Former Scottish international winger Jimmy Delaney pulled off a unique treble in 1954 when he won a Cup-winners’ medal with Derry City in Northern Ireland, having already won a Scottish Cup medal with Celtic in 1937 and an FA Cup medal with Manchester United in 1948. 

Northern Ireland enjoyed their first win at Wembley (3-2) on 6 November 1957.

A record crowd for a friendly match, 104,493, saw Eintracht Frankfurt beat Glasgow Rangers 3-2 at Hampton Park on 17 October 1961.

When Frank Saul was sent off against Burnley at Turf Moor on 4 December 1965, it marked the end of a proud and probably unique record for Spurs, who had not had a player dismissed in a League match since 27 October 1928. 

Glasgow Rangers broke the transfer record between Scottish clubs by a massive £40,000 when they signed striker Colin Stein from Hibs for £100,000 at the end of October 1968.

Tommy Docherty managed three clubs in six weeks: he resigned from Rotherham on 6 November 1968 to take over at QPR, but walked out on them a month later after a row with the Chairman, and became Aston Villa’s manager on 18 December. 

The goalless draw between Scotland and England at Hampton on 25 April 1970 was the first in the series since the very first match between the two counties in 1872. 

Trevor Hockey (Aston Villa) became the first Welsh player to be sent off in an international, on 26 September 1973 in Poland. 

Sunday soccer was launched in England on 6 January 1974 with four FA Cup ties, the first being Cambridge v Oldham at 11am. 

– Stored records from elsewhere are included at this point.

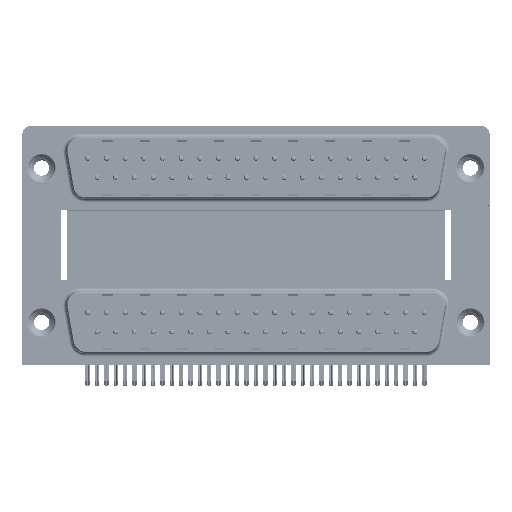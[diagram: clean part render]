
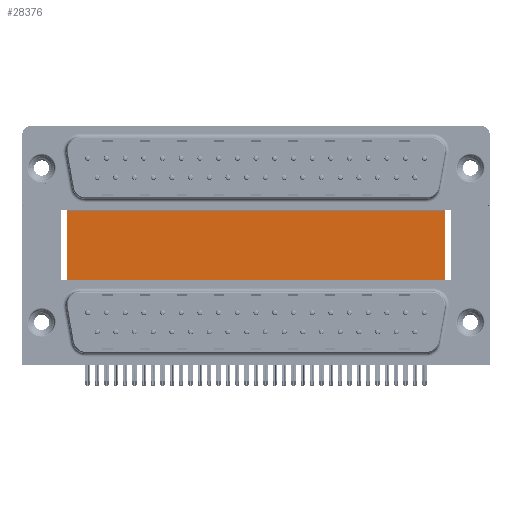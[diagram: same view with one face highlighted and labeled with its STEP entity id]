
A CAD part, top view. The second image highlights one B-rep face of the part: STEP entity #28376.
In plain terms, the highlighted planar face has unit normal (0, 0, 1).
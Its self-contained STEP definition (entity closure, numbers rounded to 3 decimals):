
#240 = VERTEX_POINT ( 'NONE', #32245 ) ;
#1365 = EDGE_CURVE ( 'NONE', #240, #30688, #3830, .T. ) ;
#1498 = LINE ( 'NONE', #22234, #48979 ) ;
#3830 = LINE ( 'NONE', #4359, #16449 ) ;
#4290 = CARTESIAN_POINT ( 'NONE',  ( 3.79, 16.585, -12. ) ) ;
#4359 = CARTESIAN_POINT ( 'NONE',  ( 3.79, -3.735, -12. ) ) ;
#7833 = DIRECTION ( 'NONE',  ( 0., -1., 0. ) ) ;
#8611 = DIRECTION ( 'NONE',  ( 1., 0., 0. ) ) ;
#8681 = DIRECTION ( 'NONE',  ( 1., 0., 0. ) ) ;
#8795 = VERTEX_POINT ( 'NONE', #50703 ) ;
#10002 = AXIS2_PLACEMENT_3D ( 'NONE', #27565, #43974, #28092 ) ;
#10680 = CARTESIAN_POINT ( 'NONE',  ( 59.71, -3.735, -12. ) ) ;
#11142 = FACE_OUTER_BOUND ( 'NONE', #16158, .T. ) ;
#16158 = EDGE_LOOP ( 'NONE', ( #50328, #44700, #41672, #25463 ) ) ;
#16449 = VECTOR ( 'NONE', #8681, 1000. ) ;
#21161 = DIRECTION ( 'NONE',  ( 0., -1., 0. ) ) ;
#22234 = CARTESIAN_POINT ( 'NONE',  ( 59.71, 16.585, -12. ) ) ;
#25463 = ORIENTED_EDGE ( 'NONE', *, *, #43243, .T. ) ;
#27565 = CARTESIAN_POINT ( 'NONE',  ( 3.79, 16.585, -12. ) ) ;
#28092 = DIRECTION ( 'NONE',  ( -1., 0., 0. ) ) ;
#28376 = ADVANCED_FACE ( 'NONE', ( #11142 ), #32108, .F. ) ;
#30688 = VERTEX_POINT ( 'NONE', #10680 ) ;
#32108 = PLANE ( 'NONE',  #10002 ) ;
#32245 = CARTESIAN_POINT ( 'NONE',  ( 3.79, -3.735, -12. ) ) ;
#32401 = VERTEX_POINT ( 'NONE', #36194 ) ;
#36115 = CARTESIAN_POINT ( 'NONE',  ( 3.79, 16.585, -12. ) ) ;
#36194 = CARTESIAN_POINT ( 'NONE',  ( 59.71, 16.585, -12. ) ) ;
#41202 = LINE ( 'NONE', #4290, #41421 ) ;
#41421 = VECTOR ( 'NONE', #8611, 1000. ) ;
#41672 = ORIENTED_EDGE ( 'NONE', *, *, #51498, .F. ) ;
#43243 = EDGE_CURVE ( 'NONE', #8795, #240, #52014, .T. ) ;
#43974 = DIRECTION ( 'NONE',  ( 0., 0., -1. ) ) ;
#44700 = ORIENTED_EDGE ( 'NONE', *, *, #45533, .F. ) ;
#45533 = EDGE_CURVE ( 'NONE', #32401, #30688, #1498, .T. ) ;
#47180 = VECTOR ( 'NONE', #7833, 1000. ) ;
#48979 = VECTOR ( 'NONE', #21161, 1000. ) ;
#50328 = ORIENTED_EDGE ( 'NONE', *, *, #1365, .T. ) ;
#50703 = CARTESIAN_POINT ( 'NONE',  ( 3.79, 16.585, -12. ) ) ;
#51498 = EDGE_CURVE ( 'NONE', #8795, #32401, #41202, .T. ) ;
#52014 = LINE ( 'NONE', #36115, #47180 ) ;

The first Irish League football match to be played on a Sunday took place on 7 September 2008. The 2,500 spectators saw Glentoran beat Banger 1-0.

Albert Tennant signed on for Chelsea in November 1934, and made his League debut in May 1947. 

Juventus adopted their famous black and white stripes in 1903 after one of their committee members visited England saw Notts County turn out in those colours. 

In April 1908 Newcastle United fan Gladstone Adams  drove down to Wembley in a 1904 Daracq-Caron motor car, to see his team play against Wolverhampton Wanderers in the FA Cup final. On the way back from the cup final, snow kept getting on the windscreen and Gladstone had to keep getting out of the car to clear it. This experience led to his invention of the windscreen wiper. 

When Rangers lost 3-2 to Hibs in the Scottish Cup quarter-final in 1896, keeper John Bell took it very personally.  Blaming himself for the defeat he changed without speaking to anyone, and walked away from the ground, never to return.

In 1892 Aston Villa keeper Dunning found an unique way of wasting time as Stoke, who were desperately seeking an equaliser, were awarded a penalty.  Dunning kicked the ball out of the ground.  By the time it was retrieved, the referee had had to blow for time.  The rules were subsequently changed to permit an extension of time to allow penalties to be taken.